Segment Open

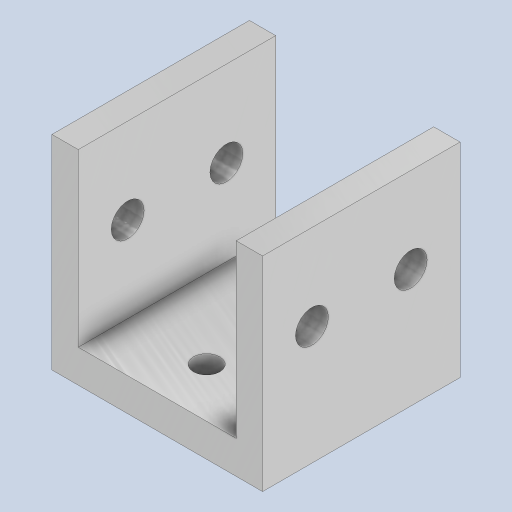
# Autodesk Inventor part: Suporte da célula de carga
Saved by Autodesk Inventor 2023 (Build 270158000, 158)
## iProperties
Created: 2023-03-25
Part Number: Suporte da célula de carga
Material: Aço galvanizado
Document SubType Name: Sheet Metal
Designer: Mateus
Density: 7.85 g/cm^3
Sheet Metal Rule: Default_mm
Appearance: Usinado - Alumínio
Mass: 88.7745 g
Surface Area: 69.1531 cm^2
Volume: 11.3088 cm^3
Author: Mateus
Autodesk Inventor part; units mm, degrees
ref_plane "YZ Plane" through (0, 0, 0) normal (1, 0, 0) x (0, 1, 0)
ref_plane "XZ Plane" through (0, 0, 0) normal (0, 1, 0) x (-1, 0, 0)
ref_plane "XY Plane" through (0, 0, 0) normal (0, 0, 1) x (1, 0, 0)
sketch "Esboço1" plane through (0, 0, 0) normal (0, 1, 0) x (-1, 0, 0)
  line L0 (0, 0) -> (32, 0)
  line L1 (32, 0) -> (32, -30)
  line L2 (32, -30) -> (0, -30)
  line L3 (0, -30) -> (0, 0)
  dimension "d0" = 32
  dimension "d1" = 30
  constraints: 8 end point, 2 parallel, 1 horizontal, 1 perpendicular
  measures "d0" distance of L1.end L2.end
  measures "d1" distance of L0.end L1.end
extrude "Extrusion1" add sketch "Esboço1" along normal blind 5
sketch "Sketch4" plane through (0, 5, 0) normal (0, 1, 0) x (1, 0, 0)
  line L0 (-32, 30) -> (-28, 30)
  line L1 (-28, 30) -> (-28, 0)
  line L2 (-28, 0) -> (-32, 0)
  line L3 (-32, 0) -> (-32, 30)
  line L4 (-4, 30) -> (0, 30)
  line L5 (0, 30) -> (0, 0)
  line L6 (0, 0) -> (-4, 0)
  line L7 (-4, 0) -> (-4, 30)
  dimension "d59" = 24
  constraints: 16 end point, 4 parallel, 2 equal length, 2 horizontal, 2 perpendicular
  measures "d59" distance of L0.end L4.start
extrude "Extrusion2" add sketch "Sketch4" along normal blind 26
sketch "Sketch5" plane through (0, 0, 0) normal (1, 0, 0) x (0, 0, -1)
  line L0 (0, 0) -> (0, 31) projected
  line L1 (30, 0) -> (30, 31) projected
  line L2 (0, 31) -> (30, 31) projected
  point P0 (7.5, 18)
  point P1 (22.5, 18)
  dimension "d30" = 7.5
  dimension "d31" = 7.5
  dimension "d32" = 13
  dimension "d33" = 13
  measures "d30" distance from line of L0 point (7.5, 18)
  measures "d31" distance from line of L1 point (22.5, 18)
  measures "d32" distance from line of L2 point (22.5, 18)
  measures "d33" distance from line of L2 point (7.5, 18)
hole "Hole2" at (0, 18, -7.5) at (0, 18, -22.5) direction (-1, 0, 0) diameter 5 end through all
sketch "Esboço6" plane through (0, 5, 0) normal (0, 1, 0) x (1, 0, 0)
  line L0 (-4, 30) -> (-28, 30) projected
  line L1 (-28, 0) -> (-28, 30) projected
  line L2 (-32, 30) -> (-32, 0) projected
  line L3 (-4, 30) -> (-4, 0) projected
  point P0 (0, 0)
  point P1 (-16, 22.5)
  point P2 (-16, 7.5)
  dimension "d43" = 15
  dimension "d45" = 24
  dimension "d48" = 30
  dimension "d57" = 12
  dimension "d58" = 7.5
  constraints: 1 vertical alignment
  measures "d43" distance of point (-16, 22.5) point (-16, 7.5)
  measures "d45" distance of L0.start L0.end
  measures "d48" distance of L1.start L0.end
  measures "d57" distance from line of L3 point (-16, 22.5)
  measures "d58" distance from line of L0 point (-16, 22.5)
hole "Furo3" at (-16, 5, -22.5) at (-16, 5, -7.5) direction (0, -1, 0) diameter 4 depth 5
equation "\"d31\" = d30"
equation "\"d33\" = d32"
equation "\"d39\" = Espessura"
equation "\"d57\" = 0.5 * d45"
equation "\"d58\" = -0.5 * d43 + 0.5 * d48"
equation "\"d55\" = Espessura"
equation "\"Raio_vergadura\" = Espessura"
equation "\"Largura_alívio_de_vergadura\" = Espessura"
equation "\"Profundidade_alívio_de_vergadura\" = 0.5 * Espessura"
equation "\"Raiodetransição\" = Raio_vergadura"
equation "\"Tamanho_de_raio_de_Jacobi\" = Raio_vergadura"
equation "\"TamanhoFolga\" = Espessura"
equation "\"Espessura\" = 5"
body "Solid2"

Segment Closed

WHAT TO PRODUCE |
The answer is the run of lines above from the line containing "Part Number: Suporte da célula de carga" through the line containing "Autodesk Inventor part; units mm, degrees", copied exactly and alone.

TASK RESULT |
Part Number: Suporte da célula de carga
Material: Aço galvanizado
Document SubType Name: Sheet Metal
Designer: Mateus
Density: 7.85 g/cm^3
Sheet Metal Rule: Default_mm
Appearance: Usinado - Alumínio
Mass: 88.7745 g
Surface Area: 69.1531 cm^2
Volume: 11.3088 cm^3
Author: Mateus
Autodesk Inventor part; units mm, degrees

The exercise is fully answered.